In fact, the government declared Sentinel Island a tribal reserve in 1956. Official attempts to communicate with the Sentinelese stopped in 1988.

A three-mile no-go zone was eventually established around the island – and the seven fishermen who ferried John Chau ashore have since been arrested and face possible charges of being culpable for his death.

In 2017, the government ruled taking photographs or making videos of the aboriginal Andaman tribes would be punishable with imprisonment of up to three years.

For the Jarawa, though, the damage was done. The Sentinelese – who haven’t progressed beyond the Stone Age as a society – know nothing of this. They have simply stuck to their instincts to keep the modern world at bay. They’re not alone in that regard.

https://youtu.be/a63rMds-D50

There are, globally, about 100 groups of indigenous peoples – usually characterised as “lost” or “uncontacted” tribes – trying to keep their way of life hidden, many in remote reserves granted to them by the authorities.
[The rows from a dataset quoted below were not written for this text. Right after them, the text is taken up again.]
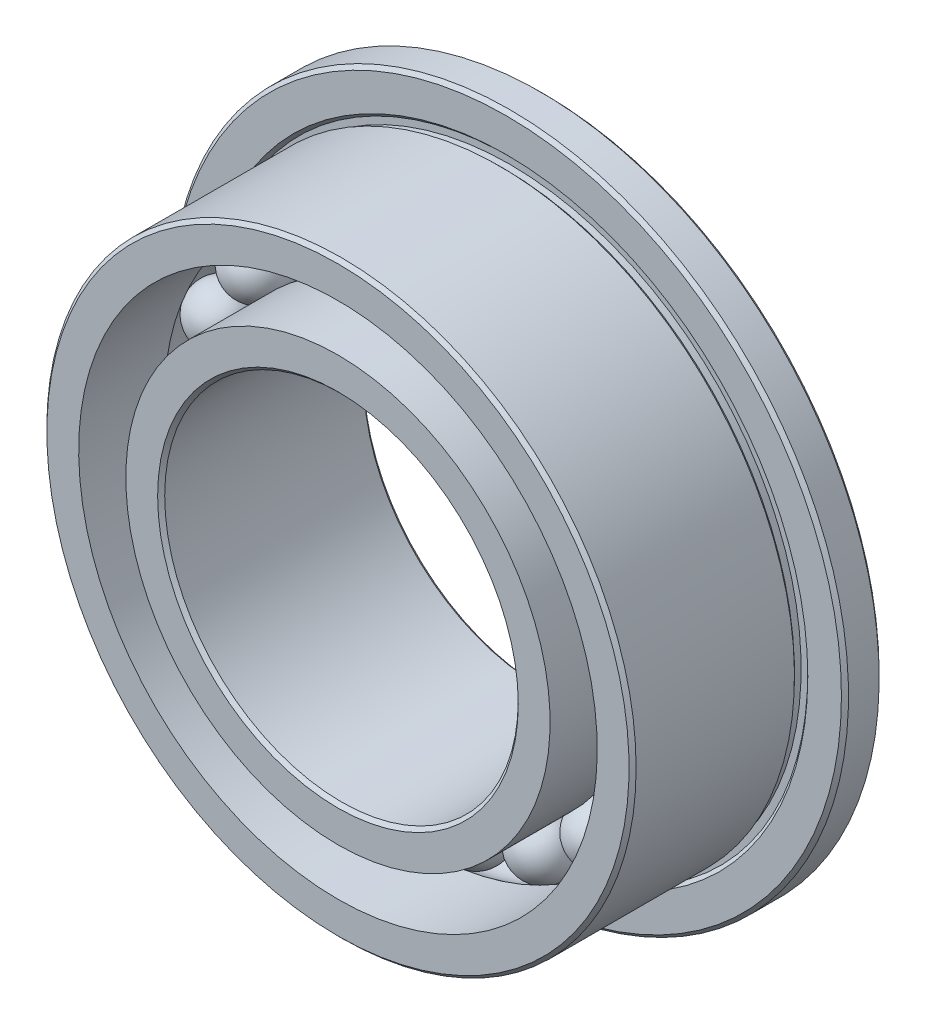
from build123d import *

# Parameters (mm, degrees)
FILLET1_SIZE      = 0.047625
FILLET2_SIZE      = 0.047625
CIRPATTERN3_COUNT = 21


with BuildPart() as part:
    # Sketch2 → Revolve1 (revolve)
    with BuildSketch(Plane(origin=(0, 0, 0), x_dir=(0, 0, -1), z_dir=(1, 0, 0))):
        with BuildLine():
            Line((1.3890625, 4.5593), (0.8810625, 4.5593))
            Line((0.8810625, 4.5593), (0.8810625, 4.058552561))
            Line((0.8810625, 4.058552561), (0.925963781, 4.013651281))
            Line((0.925963781, 4.013651281), (0.925963781, 3.923848719))
            Line((0.925963781, 3.923848719), (0.836161219, 3.923848719))
            Line((0.836161219, 3.923848719), (0.791259939, 3.96875))
            Line((0.791259939, 3.96875), (-1.3890625, 3.96875))
            Line((-1.3890625, 3.96875), (-1.3890625, 3.4925))
            Line((-1.3890625, 3.4925), (-0.238125, 3.4925))
            ThreePointArc((-0.238125, 3.4925), (0, 3.571875), (0.238125, 3.4925))
            Line((0.238125, 3.4925), (1.3890625, 3.4925))
            Line((1.3890625, 3.4925), (1.3890625, 4.5593))
        make_face()
        with BuildLine():
            Line((1.3890625, 2.38125), (-1.3890625, 2.38125))
            Line((-1.3890625, 2.38125), (-1.3890625, 2.8575))
            Line((-1.3890625, 2.8575), (-0.238125, 2.8575))
            ThreePointArc((-0.238125, 2.8575), (0, 2.778125), (0.238125, 2.8575))
            Line((0.238125, 2.8575), (1.3890625, 2.8575))
            Line((1.3890625, 2.8575), (1.3890625, 2.38125))
        make_face()
    revolve(axis=Axis((0, 0, 0), (0, 0, -1)))

    # Fillet1
    fillet1_edges = [part.edges().sort_by_distance(p)[0] for p in [
        (0, -4.5593, -1.3890625),
        (0, -4.5593, -0.8810625),
        (0, -3.96875, 1.3890625),
    ]]
    chamfer(fillet1_edges, length=FILLET1_SIZE)

    # Fillet2
    fillet2_edges = [part.edges().sort_by_distance(p)[0] for p in [
        (0, -2.38125, -1.3890625),
        (0, -2.38125, 1.3890625),
    ]]
    chamfer(fillet2_edges, length=FILLET2_SIZE)


with BuildPart() as body_2:
    # Sketch7 → Revolve3 (revolve)
    with BuildSketch(Plane.XY):
        with BuildLine():
            Line((0, 3.571875), (0, 2.778125))
            ThreePointArc((0, 2.778125), (-0.396875, 3.175), (0, 3.571875))
        make_face()
    revolve(axis=Axis((0, 3.571875, 0), (0, -1, 0)))


with BuildPart() as cirpattern3_1:
    # CirPattern3: pattern copy
    add(body_2.part.rotate(Axis((0, 0, 0), (0, 0, -1)), 1 * 360 / CIRPATTERN3_COUNT))


with BuildPart() as cirpattern3_2:
    # CirPattern3: pattern copy
    add(body_2.part.rotate(Axis((0, 0, 0), (0, 0, -1)), 2 * 360 / CIRPATTERN3_COUNT))


with BuildPart() as cirpattern3_3:
    # CirPattern3: pattern copy
    add(body_2.part.rotate(Axis((0, 0, 0), (0, 0, -1)), 3 * 360 / CIRPATTERN3_COUNT))


with BuildPart() as cirpattern3_4:
    # CirPattern3: pattern copy
    add(body_2.part.rotate(Axis((0, 0, 0), (0, 0, -1)), 4 * 360 / CIRPATTERN3_COUNT))


with BuildPart() as cirpattern3_5:
    # CirPattern3: pattern copy
    add(body_2.part.rotate(Axis((0, 0, 0), (0, 0, -1)), 5 * 360 / CIRPATTERN3_COUNT))


with BuildPart() as cirpattern3_6:
    # CirPattern3: pattern copy
    add(body_2.part.rotate(Axis((0, 0, 0), (0, 0, -1)), 6 * 360 / CIRPATTERN3_COUNT))


with BuildPart() as cirpattern3_7:
    # CirPattern3: pattern copy
    add(body_2.part.rotate(Axis((0, 0, 0), (0, 0, -1)), 7 * 360 / CIRPATTERN3_COUNT))


with BuildPart() as cirpattern3_8:
    # CirPattern3: pattern copy
    add(body_2.part.rotate(Axis((0, 0, 0), (0, 0, -1)), 8 * 360 / CIRPATTERN3_COUNT))


with BuildPart() as cirpattern3_9:
    # CirPattern3: pattern copy
    add(body_2.part.rotate(Axis((0, 0, 0), (0, 0, -1)), 9 * 360 / CIRPATTERN3_COUNT))


with BuildPart() as cirpattern3_10:
    # CirPattern3: pattern copy
    add(body_2.part.rotate(Axis((0, 0, 0), (0, 0, -1)), 10 * 360 / CIRPATTERN3_COUNT))


with BuildPart() as cirpattern3_11:
    # CirPattern3: pattern copy
    add(body_2.part.rotate(Axis((0, 0, 0), (0, 0, -1)), 11 * 360 / CIRPATTERN3_COUNT))


with BuildPart() as cirpattern3_12:
    # CirPattern3: pattern copy
    add(body_2.part.rotate(Axis((0, 0, 0), (0, 0, -1)), 12 * 360 / CIRPATTERN3_COUNT))


with BuildPart() as cirpattern3_13:
    # CirPattern3: pattern copy
    add(body_2.part.rotate(Axis((0, 0, 0), (0, 0, -1)), 13 * 360 / CIRPATTERN3_COUNT))


with BuildPart() as cirpattern3_14:
    # CirPattern3: pattern copy
    add(body_2.part.rotate(Axis((0, 0, 0), (0, 0, -1)), 14 * 360 / CIRPATTERN3_COUNT))


with BuildPart() as cirpattern3_15:
    # CirPattern3: pattern copy
    add(body_2.part.rotate(Axis((0, 0, 0), (0, 0, -1)), 15 * 360 / CIRPATTERN3_COUNT))


with BuildPart() as cirpattern3_16:
    # CirPattern3: pattern copy
    add(body_2.part.rotate(Axis((0, 0, 0), (0, 0, -1)), 16 * 360 / CIRPATTERN3_COUNT))


with BuildPart() as cirpattern3_17:
    # CirPattern3: pattern copy
    add(body_2.part.rotate(Axis((0, 0, 0), (0, 0, -1)), 17 * 360 / CIRPATTERN3_COUNT))


with BuildPart() as cirpattern3_18:
    # CirPattern3: pattern copy
    add(body_2.part.rotate(Axis((0, 0, 0), (0, 0, -1)), 18 * 360 / CIRPATTERN3_COUNT))


with BuildPart() as cirpattern3_19:
    # CirPattern3: pattern copy
    add(body_2.part.rotate(Axis((0, 0, 0), (0, 0, -1)), 19 * 360 / CIRPATTERN3_COUNT))


with BuildPart() as cirpattern3_20:
    # CirPattern3: pattern copy
    add(body_2.part.rotate(Axis((0, 0, 0), (0, 0, -1)), 20 * 360 / CIRPATTERN3_COUNT))


solid = Compound([part.part, body_2.part, cirpattern3_1.part, cirpattern3_2.part, cirpattern3_3.part, cirpattern3_4.part, cirpattern3_5.part, cirpattern3_6.part, cirpattern3_7.part, cirpattern3_8.part, cirpattern3_9.part, cirpattern3_10.part, cirpattern3_11.part, cirpattern3_12.part, cirpattern3_13.part, cirpattern3_14.part, cirpattern3_15.part, cirpattern3_16.part, cirpattern3_17.part, cirpattern3_18.part, cirpattern3_19.part, cirpattern3_20.part])

Most of these peoples are in South America.

In recent weeks, according to the National Geographic, indigenous rights groups have been pushed into a new and uncomfortable debate about how best to protect reclusive peoples. Brazil’s indigenous affairs agency, FUNAI, set off this disquiet by making public two videos recorded during field expeditions.

Is it time to run up the flag?

The videos effectively show the impossibility and complex ethics of trying to shield one group of people from the 21st century.

In one of the videos, a man is seen chopping at a tree. He’s been living alone for the past 22 years in a reserve that is meant to shield him from loggers and ranchers “who are believed to have wiped out the rest of his tribe in spasms of violence during the 1980s and 1990s”.

No one knows the name of the man, or the name of the tribe he once belonged to. He is unaware the people assigned to protect him are filming him from their hide in the trees.

The second video is taken from a drone and shows a farmed clearing in the jungle, home to a small group of Flecheiros, or People of the Arrow. People can be seen wandering about. Officials said the video was taken last year, in far western Brazil, as part of an investigation into an alleged massacre perpetrated against the tribe.

While rights groups bemoaned the intrusions, the FUNAI officials said they decided to release the images “after a consensus was reached among veteran field agents to heighten awareness within Brazil and around the world of the existence of the isolated tribes and their increasingly precarious status”.